Data extracted from a collection >>

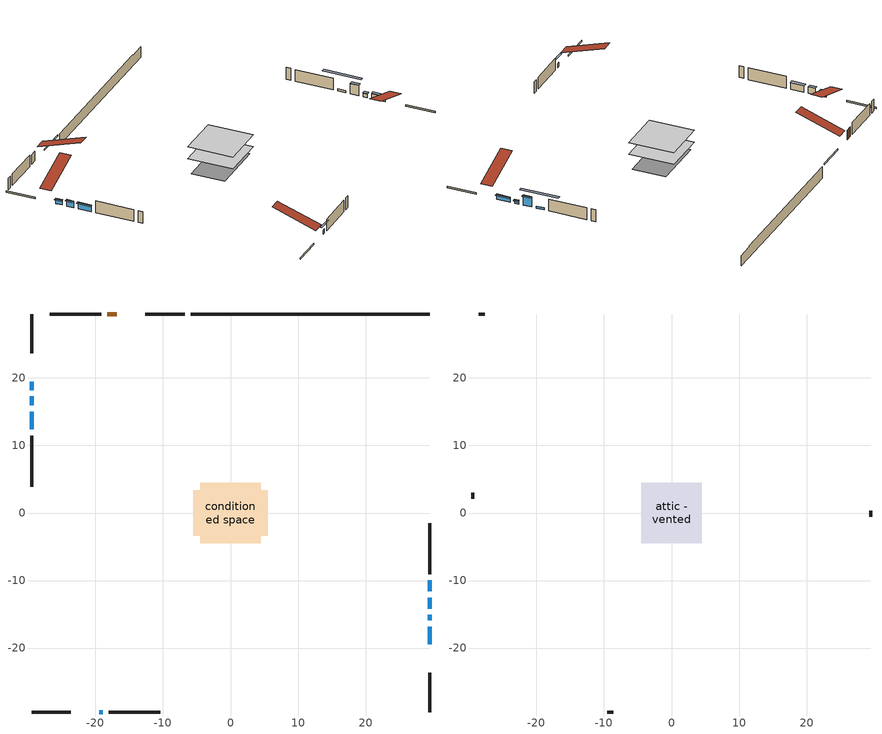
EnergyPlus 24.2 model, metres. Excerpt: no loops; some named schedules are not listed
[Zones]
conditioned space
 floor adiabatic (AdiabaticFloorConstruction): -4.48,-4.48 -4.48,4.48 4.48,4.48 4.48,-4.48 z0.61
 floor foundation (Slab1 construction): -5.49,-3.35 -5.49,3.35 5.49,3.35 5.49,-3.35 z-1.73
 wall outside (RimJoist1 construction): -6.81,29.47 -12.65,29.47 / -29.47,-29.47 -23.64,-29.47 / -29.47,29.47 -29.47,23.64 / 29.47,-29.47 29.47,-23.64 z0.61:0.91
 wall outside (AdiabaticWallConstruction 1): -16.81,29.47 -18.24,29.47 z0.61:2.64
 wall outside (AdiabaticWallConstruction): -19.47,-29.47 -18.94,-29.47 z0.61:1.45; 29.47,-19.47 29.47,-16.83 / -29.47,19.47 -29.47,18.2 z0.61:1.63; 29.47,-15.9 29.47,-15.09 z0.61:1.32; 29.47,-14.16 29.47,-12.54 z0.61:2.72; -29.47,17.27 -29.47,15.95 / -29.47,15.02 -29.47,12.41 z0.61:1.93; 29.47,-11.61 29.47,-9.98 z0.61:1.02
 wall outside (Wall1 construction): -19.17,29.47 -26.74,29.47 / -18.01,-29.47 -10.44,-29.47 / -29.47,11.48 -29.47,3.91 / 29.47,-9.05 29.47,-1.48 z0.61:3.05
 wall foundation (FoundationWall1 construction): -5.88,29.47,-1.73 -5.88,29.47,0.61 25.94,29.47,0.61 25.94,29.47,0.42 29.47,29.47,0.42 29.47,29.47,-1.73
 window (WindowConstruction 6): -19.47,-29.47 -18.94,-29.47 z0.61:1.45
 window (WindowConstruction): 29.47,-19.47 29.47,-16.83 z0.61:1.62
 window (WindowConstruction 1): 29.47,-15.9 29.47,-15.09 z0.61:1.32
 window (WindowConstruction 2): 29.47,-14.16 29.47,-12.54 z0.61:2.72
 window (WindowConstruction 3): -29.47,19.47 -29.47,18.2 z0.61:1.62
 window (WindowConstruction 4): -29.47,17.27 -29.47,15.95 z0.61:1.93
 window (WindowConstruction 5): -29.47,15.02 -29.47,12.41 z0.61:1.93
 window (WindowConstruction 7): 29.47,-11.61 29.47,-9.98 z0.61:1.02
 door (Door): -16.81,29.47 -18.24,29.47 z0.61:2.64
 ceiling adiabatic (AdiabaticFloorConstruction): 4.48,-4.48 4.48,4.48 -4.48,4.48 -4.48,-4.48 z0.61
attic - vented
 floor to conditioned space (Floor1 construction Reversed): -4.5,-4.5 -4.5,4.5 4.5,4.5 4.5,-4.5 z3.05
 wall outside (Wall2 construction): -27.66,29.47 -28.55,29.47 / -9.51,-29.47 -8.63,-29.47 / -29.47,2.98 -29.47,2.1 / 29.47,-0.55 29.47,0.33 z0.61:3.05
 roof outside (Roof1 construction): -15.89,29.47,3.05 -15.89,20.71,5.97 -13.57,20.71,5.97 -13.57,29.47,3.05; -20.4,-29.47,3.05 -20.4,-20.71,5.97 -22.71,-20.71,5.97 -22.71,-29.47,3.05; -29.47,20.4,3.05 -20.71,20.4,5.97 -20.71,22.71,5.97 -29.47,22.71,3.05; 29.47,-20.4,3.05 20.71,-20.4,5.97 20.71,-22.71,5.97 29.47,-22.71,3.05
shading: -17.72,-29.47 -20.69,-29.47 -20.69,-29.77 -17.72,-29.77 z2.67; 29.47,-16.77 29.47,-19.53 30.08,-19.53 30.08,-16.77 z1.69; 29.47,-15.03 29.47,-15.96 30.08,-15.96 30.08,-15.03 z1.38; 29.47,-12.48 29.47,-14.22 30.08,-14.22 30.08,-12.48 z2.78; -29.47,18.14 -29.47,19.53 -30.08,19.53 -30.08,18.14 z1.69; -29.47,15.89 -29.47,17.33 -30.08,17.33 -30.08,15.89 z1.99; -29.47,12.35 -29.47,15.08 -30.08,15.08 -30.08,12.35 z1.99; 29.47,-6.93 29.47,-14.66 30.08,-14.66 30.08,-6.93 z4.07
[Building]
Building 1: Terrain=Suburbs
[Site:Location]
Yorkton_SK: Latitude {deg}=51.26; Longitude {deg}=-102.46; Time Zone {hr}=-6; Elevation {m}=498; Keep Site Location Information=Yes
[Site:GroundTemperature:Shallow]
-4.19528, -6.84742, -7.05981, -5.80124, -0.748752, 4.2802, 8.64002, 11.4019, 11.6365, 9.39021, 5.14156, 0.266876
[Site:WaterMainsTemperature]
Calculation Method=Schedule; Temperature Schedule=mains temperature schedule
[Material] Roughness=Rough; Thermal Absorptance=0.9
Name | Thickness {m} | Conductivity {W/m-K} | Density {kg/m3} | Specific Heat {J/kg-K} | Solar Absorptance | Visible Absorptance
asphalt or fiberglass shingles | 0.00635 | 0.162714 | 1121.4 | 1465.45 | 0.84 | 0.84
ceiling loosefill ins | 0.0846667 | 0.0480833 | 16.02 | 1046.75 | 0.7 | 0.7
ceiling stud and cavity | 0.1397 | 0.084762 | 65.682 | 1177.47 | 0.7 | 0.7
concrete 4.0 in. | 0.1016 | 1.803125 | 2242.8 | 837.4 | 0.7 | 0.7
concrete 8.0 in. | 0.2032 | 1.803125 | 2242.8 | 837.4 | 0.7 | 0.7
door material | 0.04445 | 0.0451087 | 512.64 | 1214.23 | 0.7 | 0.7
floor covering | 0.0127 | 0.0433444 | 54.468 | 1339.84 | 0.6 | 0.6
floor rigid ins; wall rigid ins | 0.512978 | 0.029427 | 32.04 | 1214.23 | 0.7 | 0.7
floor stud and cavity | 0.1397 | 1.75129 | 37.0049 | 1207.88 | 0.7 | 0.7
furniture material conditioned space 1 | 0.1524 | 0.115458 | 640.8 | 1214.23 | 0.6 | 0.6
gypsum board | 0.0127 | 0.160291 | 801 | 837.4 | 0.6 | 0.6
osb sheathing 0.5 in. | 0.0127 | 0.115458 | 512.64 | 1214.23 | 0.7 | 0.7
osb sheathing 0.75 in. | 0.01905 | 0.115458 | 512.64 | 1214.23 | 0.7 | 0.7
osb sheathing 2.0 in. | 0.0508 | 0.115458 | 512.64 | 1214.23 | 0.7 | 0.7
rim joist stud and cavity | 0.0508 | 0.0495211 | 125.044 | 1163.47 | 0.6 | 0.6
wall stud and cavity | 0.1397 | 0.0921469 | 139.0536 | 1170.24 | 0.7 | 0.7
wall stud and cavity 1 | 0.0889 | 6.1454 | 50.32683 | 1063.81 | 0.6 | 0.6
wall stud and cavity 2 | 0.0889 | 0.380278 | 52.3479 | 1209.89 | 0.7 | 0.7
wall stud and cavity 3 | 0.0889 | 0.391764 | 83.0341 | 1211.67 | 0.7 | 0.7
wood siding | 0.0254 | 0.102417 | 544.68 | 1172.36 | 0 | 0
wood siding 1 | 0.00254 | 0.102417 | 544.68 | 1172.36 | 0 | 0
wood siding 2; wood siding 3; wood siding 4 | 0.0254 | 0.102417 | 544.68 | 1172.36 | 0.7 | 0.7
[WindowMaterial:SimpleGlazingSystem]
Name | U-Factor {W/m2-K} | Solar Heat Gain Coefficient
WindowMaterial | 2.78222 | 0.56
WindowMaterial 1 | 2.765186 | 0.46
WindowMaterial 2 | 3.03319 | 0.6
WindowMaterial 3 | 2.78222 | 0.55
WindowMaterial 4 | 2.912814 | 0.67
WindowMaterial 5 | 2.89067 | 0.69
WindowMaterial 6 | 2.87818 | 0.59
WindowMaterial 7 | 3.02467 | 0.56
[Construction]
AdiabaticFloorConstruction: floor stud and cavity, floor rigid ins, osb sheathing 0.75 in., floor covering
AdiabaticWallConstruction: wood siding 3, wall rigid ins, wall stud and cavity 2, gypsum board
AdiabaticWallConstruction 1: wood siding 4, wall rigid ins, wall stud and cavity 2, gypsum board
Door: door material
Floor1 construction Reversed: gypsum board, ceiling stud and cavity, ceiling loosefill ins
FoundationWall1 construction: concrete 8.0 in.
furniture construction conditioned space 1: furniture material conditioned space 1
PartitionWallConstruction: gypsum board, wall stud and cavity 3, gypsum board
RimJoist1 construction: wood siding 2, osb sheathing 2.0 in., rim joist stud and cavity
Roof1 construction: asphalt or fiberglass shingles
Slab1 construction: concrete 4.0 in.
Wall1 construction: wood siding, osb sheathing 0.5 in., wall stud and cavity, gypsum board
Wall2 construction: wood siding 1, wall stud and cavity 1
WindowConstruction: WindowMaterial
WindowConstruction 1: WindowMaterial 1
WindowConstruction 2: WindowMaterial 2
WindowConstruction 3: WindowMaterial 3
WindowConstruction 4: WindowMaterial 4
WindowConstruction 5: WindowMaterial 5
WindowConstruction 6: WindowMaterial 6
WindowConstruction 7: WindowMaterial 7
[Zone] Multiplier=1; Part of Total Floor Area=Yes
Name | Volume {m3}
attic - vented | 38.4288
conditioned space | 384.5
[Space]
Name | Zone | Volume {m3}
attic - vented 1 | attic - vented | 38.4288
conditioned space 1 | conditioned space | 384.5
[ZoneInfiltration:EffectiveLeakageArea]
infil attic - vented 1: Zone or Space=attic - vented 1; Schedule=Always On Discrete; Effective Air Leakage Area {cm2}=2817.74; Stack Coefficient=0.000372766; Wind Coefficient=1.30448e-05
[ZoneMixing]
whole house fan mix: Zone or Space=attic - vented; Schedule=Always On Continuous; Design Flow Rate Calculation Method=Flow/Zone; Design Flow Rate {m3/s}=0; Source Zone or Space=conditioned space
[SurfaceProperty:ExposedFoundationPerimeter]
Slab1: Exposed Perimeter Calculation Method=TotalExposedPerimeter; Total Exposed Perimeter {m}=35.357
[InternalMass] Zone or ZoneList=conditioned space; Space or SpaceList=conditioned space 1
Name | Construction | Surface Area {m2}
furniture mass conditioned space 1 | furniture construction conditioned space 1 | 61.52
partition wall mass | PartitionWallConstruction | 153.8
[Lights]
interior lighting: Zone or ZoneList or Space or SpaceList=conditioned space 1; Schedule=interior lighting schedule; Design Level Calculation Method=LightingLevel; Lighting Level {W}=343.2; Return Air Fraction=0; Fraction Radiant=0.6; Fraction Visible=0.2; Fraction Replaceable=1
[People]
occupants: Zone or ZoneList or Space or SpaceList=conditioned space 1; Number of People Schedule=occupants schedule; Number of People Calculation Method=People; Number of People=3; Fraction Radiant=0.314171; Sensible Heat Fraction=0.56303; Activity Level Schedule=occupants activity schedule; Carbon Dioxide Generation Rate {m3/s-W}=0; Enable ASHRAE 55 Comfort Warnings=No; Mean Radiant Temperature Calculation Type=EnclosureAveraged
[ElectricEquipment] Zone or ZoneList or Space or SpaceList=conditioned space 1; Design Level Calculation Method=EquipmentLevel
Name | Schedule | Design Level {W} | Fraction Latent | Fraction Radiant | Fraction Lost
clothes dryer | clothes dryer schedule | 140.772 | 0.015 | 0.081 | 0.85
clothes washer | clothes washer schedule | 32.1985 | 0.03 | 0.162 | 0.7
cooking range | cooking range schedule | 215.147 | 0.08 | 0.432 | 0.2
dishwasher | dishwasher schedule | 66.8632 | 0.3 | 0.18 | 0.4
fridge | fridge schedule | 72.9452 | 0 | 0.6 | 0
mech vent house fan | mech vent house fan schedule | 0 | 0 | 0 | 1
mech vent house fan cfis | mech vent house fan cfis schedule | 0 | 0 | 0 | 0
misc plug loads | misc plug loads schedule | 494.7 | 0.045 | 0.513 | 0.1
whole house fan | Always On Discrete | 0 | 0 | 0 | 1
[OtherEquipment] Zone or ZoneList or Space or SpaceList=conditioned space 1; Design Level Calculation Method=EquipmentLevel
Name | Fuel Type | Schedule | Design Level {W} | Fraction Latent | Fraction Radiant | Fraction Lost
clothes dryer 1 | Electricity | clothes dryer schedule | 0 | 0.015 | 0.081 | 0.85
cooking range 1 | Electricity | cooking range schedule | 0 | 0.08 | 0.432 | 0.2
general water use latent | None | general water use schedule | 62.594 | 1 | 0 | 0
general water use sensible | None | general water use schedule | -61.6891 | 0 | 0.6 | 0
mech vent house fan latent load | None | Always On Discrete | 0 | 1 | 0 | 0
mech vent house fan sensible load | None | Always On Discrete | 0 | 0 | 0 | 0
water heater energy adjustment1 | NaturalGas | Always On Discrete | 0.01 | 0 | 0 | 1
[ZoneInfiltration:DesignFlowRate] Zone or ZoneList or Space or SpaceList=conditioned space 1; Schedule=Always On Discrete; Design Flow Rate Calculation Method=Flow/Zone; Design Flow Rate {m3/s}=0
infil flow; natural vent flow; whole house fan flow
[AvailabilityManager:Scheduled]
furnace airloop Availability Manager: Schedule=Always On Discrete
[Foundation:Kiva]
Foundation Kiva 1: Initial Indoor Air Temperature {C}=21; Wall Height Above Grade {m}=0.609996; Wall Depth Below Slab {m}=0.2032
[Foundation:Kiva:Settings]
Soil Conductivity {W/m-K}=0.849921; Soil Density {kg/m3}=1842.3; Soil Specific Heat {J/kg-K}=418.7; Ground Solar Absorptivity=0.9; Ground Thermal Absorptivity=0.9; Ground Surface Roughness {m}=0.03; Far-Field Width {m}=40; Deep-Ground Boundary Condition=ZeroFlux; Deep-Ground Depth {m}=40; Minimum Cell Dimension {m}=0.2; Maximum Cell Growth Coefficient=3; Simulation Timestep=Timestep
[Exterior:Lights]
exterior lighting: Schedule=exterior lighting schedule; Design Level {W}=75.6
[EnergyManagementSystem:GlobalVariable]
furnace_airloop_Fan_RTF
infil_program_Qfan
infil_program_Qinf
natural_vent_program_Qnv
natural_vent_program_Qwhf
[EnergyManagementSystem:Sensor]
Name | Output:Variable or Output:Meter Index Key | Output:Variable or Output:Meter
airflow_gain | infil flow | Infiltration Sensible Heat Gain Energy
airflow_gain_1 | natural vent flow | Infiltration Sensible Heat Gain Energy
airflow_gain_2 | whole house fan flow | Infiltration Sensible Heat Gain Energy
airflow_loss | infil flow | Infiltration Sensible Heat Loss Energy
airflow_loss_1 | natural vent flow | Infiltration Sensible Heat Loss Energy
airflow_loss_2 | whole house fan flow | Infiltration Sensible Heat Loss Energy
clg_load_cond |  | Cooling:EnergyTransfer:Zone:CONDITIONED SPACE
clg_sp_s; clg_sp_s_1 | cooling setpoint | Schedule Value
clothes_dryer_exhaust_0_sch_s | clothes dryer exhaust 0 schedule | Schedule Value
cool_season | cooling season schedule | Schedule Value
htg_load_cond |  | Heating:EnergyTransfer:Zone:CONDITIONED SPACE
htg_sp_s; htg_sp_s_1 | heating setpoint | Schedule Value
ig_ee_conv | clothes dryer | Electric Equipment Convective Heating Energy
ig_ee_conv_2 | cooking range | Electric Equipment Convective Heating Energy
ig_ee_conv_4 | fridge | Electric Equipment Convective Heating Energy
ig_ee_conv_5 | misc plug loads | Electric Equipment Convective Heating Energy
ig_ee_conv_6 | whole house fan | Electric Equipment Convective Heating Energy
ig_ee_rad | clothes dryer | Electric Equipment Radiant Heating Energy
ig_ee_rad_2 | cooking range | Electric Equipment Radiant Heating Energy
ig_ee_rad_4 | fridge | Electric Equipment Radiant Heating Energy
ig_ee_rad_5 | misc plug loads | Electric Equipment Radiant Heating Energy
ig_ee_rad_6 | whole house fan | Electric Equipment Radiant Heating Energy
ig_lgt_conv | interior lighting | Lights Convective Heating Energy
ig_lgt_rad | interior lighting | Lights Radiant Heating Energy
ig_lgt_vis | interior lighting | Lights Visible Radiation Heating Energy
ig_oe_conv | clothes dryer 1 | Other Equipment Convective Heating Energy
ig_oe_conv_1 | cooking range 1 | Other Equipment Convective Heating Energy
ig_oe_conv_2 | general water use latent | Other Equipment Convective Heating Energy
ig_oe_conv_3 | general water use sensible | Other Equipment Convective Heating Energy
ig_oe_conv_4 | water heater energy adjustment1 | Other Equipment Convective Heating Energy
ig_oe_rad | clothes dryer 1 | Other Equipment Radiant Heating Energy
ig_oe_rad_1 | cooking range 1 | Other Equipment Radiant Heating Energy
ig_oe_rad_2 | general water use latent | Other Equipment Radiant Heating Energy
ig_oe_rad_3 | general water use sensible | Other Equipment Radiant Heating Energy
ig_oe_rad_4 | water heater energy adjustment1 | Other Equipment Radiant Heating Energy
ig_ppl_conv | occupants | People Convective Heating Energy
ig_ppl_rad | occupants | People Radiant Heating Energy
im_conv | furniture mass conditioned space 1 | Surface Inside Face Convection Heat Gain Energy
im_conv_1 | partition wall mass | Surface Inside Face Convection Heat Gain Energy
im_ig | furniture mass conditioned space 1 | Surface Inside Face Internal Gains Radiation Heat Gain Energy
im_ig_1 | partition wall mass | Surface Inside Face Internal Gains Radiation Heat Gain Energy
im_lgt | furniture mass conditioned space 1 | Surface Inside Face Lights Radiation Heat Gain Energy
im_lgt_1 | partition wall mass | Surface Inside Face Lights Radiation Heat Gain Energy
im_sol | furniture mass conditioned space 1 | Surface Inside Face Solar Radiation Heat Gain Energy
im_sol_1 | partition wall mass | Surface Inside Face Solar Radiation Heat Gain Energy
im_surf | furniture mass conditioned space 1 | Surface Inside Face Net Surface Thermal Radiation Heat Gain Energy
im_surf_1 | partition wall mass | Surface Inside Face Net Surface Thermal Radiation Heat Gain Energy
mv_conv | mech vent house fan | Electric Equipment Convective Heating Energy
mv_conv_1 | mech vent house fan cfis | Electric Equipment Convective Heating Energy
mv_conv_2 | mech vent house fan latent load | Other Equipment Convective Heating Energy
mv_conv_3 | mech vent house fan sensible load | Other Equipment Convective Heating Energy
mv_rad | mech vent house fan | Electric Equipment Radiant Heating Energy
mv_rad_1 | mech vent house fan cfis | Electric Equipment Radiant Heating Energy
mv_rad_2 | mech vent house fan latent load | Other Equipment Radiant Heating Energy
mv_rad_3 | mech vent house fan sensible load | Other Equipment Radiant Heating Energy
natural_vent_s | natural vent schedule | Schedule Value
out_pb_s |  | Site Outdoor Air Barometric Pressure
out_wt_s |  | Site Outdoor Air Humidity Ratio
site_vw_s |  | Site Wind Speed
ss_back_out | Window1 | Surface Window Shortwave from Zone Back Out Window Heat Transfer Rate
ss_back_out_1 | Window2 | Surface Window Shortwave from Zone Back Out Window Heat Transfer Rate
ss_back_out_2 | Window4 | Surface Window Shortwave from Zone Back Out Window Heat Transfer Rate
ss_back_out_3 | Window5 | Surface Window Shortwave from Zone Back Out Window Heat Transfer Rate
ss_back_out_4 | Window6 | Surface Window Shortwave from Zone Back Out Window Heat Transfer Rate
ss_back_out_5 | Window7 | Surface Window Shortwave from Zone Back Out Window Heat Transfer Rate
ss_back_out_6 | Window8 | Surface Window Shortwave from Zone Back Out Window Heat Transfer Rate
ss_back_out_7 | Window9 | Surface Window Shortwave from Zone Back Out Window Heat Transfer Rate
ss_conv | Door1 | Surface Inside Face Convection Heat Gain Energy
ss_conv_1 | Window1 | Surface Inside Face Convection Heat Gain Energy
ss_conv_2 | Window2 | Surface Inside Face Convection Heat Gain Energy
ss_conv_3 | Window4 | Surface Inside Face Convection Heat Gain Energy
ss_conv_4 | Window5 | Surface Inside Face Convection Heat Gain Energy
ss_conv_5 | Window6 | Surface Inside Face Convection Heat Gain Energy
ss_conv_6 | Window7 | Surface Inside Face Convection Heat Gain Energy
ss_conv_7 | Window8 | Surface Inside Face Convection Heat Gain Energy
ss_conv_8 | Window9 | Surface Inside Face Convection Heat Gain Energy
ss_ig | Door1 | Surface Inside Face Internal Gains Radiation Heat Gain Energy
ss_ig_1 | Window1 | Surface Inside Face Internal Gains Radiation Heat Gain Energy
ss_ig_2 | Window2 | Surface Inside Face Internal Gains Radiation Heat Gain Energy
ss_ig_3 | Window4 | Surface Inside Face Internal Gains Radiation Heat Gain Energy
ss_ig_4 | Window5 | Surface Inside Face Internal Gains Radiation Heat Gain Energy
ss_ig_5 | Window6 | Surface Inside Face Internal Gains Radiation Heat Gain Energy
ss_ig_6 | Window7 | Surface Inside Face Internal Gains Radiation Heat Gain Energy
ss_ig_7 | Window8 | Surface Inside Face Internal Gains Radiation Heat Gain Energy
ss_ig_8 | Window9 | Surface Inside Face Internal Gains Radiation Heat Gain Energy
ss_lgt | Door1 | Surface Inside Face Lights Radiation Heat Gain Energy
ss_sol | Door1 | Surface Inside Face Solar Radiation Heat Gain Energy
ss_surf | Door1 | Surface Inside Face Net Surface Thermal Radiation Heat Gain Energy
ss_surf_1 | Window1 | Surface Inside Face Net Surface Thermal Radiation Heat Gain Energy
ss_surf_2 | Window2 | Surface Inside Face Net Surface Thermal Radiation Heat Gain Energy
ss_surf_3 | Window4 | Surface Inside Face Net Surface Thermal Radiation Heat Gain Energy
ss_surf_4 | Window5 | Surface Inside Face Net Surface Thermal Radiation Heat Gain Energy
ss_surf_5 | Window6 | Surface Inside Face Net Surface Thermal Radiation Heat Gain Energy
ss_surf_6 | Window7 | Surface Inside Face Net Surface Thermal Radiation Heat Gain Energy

Work required >>
Search the entries for the word "loads". Copy every line where it occurs.

Solution to the problem >>
misc plug loads | misc plug loads schedule | 494.7 | 0.045 | 0.513 | 0.1
ig_ee_conv_5 | misc plug loads | Electric Equipment Convective Heating Energy
ig_ee_rad_5 | misc plug loads | Electric Equipment Radiant Heating Energy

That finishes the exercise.